[Source records Boundary: Start]
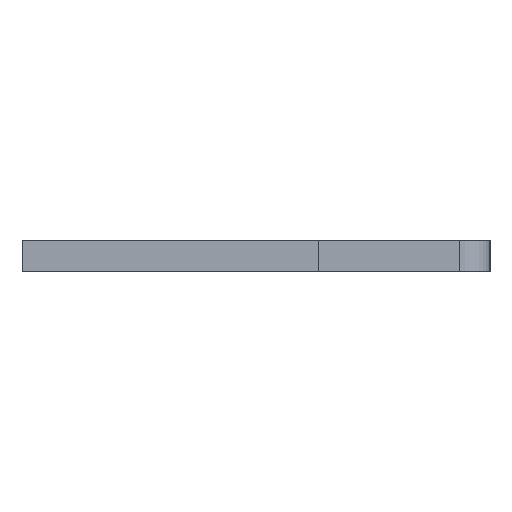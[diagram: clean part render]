
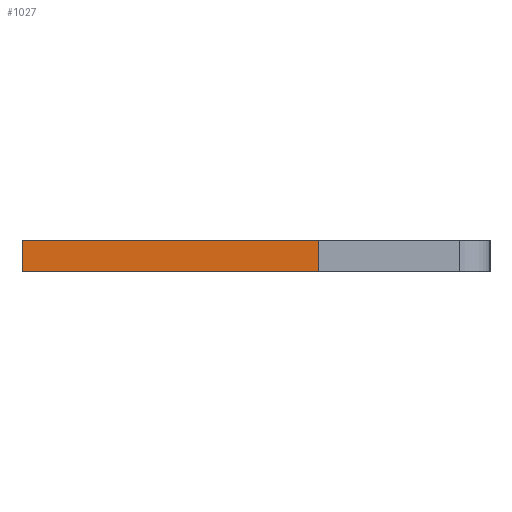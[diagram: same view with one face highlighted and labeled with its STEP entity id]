
A CAD part, left-side view. The second image highlights one B-rep face of the part: STEP entity #1027.
In plain terms, the highlighted face is planar.
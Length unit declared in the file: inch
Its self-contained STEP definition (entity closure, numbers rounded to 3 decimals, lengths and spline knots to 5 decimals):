
#17 = DIRECTION ( 'NONE',  ( -1., 0., 0. ) ) ;
#109 = PLANE ( 'NONE',  #582 ) ;
#122 = VERTEX_POINT ( 'NONE', #1081 ) ;
#160 = DIRECTION ( 'NONE',  ( 0., 1., 0. ) ) ;
#194 = EDGE_CURVE ( 'NONE', #564, #1188, #1478, .T. ) ;
#210 = CARTESIAN_POINT ( 'NONE',  ( 0.01, 0.15, -0.04 ) ) ;
#213 = LINE ( 'NONE', #1353, #477 ) ;
#219 = VECTOR ( 'NONE', #17, 39.37008 ) ;
#250 = DIRECTION ( 'NONE',  ( 0., 0., 1. ) ) ;
#252 = EDGE_CURVE ( 'NONE', #122, #564, #213, .T. ) ;
#259 = DIRECTION ( 'NONE',  ( 1., 0., 0. ) ) ;
#410 = CARTESIAN_POINT ( 'NONE',  ( -0.01, 0.15, -0.04 ) ) ;
#456 = ORIENTED_EDGE ( 'NONE', *, *, #1139, .F. ) ;
#458 = DIRECTION ( 'NONE',  ( 0., 1., 0. ) ) ;
#477 = VECTOR ( 'NONE', #530, 39.37008 ) ;
#480 = LINE ( 'NONE', #716, #219 ) ;
#530 = DIRECTION ( 'NONE',  ( -1., 0., 0. ) ) ;
#564 = VERTEX_POINT ( 'NONE', #678 ) ;
#582 = AXIS2_PLACEMENT_3D ( 'NONE', #706, #250, #259 ) ;
#591 = CARTESIAN_POINT ( 'NONE',  ( -0.01, 0.15, -0.04 ) ) ;
#634 = VERTEX_POINT ( 'NONE', #210 ) ;
#675 = EDGE_LOOP ( 'NONE', ( #1368, #456, #1465, #1360 ) ) ;
#678 = CARTESIAN_POINT ( 'NONE',  ( -0.01, -0.04, -0.04 ) ) ;
#706 = CARTESIAN_POINT ( 'NONE',  ( 0.01, 0.15, -0.04 ) ) ;
#716 = CARTESIAN_POINT ( 'NONE',  ( 0.01, 0.15, -0.04 ) ) ;
#733 = FACE_OUTER_BOUND ( 'NONE', #675, .T. ) ;
#804 = LINE ( 'NONE', #827, #929 ) ;
#827 = CARTESIAN_POINT ( 'NONE',  ( 0.01, 0.15, -0.04 ) ) ;
#929 = VECTOR ( 'NONE', #458, 39.37008 ) ;
#1010 = EDGE_CURVE ( 'NONE', #122, #634, #804, .T. ) ;
#1027 = ADVANCED_FACE ( 'NONE', ( #733 ), #109, .F. ) ;
#1081 = CARTESIAN_POINT ( 'NONE',  ( 0.01, -0.04, -0.04 ) ) ;
#1139 = EDGE_CURVE ( 'NONE', #634, #1188, #480, .T. ) ;
#1173 = VECTOR ( 'NONE', #160, 39.37008 ) ;
#1188 = VERTEX_POINT ( 'NONE', #591 ) ;
#1353 = CARTESIAN_POINT ( 'NONE',  ( 0.01, -0.04, -0.04 ) ) ;
#1360 = ORIENTED_EDGE ( 'NONE', *, *, #252, .T. ) ;
#1368 = ORIENTED_EDGE ( 'NONE', *, *, #194, .T. ) ;
#1465 = ORIENTED_EDGE ( 'NONE', *, *, #1010, .F. ) ;
#1478 = LINE ( 'NONE', #410, #1173 ) ;
[Source records Boundary: End]
** Directions **
Once the pictures are removed, write out all of the entries above exactly.

** The answer **
[diagram: clean part render]
[diagram: same view with one face highlighted and labeled with its STEP entity id]
A CAD part, left-side view. The second image highlights one B-rep face of the part: STEP entity #1027.
In plain terms, the highlighted face is planar.
Length unit declared in the file: inch
Its self-contained STEP definition (entity closure, numbers rounded to 3 decimals, lengths and spline knots to 5 decimals):
#17 = DIRECTION ( 'NONE',  ( -1., 0., 0. ) ) ;
#109 = PLANE ( 'NONE',  #582 ) ;
#122 = VERTEX_POINT ( 'NONE', #1081 ) ;
#160 = DIRECTION ( 'NONE',  ( 0., 1., 0. ) ) ;
#194 = EDGE_CURVE ( 'NONE', #564, #1188, #1478, .T. ) ;
#210 = CARTESIAN_POINT ( 'NONE',  ( 0.01, 0.15, -0.04 ) ) ;
#213 = LINE ( 'NONE', #1353, #477 ) ;
#219 = VECTOR ( 'NONE', #17, 39.37008 ) ;
#250 = DIRECTION ( 'NONE',  ( 0., 0., 1. ) ) ;
#252 = EDGE_CURVE ( 'NONE', #122, #564, #213, .T. ) ;
#259 = DIRECTION ( 'NONE',  ( 1., 0., 0. ) ) ;
#410 = CARTESIAN_POINT ( 'NONE',  ( -0.01, 0.15, -0.04 ) ) ;
#456 = ORIENTED_EDGE ( 'NONE', *, *, #1139, .F. ) ;
#458 = DIRECTION ( 'NONE',  ( 0., 1., 0. ) ) ;
#477 = VECTOR ( 'NONE', #530, 39.37008 ) ;
#480 = LINE ( 'NONE', #716, #219 ) ;
#530 = DIRECTION ( 'NONE',  ( -1., 0., 0. ) ) ;
#564 = VERTEX_POINT ( 'NONE', #678 ) ;
#582 = AXIS2_PLACEMENT_3D ( 'NONE', #706, #250, #259 ) ;
#591 = CARTESIAN_POINT ( 'NONE',  ( -0.01, 0.15, -0.04 ) ) ;
#634 = VERTEX_POINT ( 'NONE', #210 ) ;
#675 = EDGE_LOOP ( 'NONE', ( #1368, #456, #1465, #1360 ) ) ;
#678 = CARTESIAN_POINT ( 'NONE',  ( -0.01, -0.04, -0.04 ) ) ;
#706 = CARTESIAN_POINT ( 'NONE',  ( 0.01, 0.15, -0.04 ) ) ;
#716 = CARTESIAN_POINT ( 'NONE',  ( 0.01, 0.15, -0.04 ) ) ;
#733 = FACE_OUTER_BOUND ( 'NONE', #675, .T. ) ;
#804 = LINE ( 'NONE', #827, #929 ) ;
#827 = CARTESIAN_POINT ( 'NONE',  ( 0.01, 0.15, -0.04 ) ) ;
#929 = VECTOR ( 'NONE', #458, 39.37008 ) ;
#1010 = EDGE_CURVE ( 'NONE', #122, #634, #804, .T. ) ;
#1027 = ADVANCED_FACE ( 'NONE', ( #733 ), #109, .F. ) ;
#1081 = CARTESIAN_POINT ( 'NONE',  ( 0.01, -0.04, -0.04 ) ) ;
#1139 = EDGE_CURVE ( 'NONE', #634, #1188, #480, .T. ) ;
#1173 = VECTOR ( 'NONE', #160, 39.37008 ) ;
#1188 = VERTEX_POINT ( 'NONE', #591 ) ;
#1353 = CARTESIAN_POINT ( 'NONE',  ( 0.01, -0.04, -0.04 ) ) ;
#1360 = ORIENTED_EDGE ( 'NONE', *, *, #252, .T. ) ;
#1368 = ORIENTED_EDGE ( 'NONE', *, *, #194, .T. ) ;
#1465 = ORIENTED_EDGE ( 'NONE', *, *, #1010, .F. ) ;
#1478 = LINE ( 'NONE', #410, #1173 ) ;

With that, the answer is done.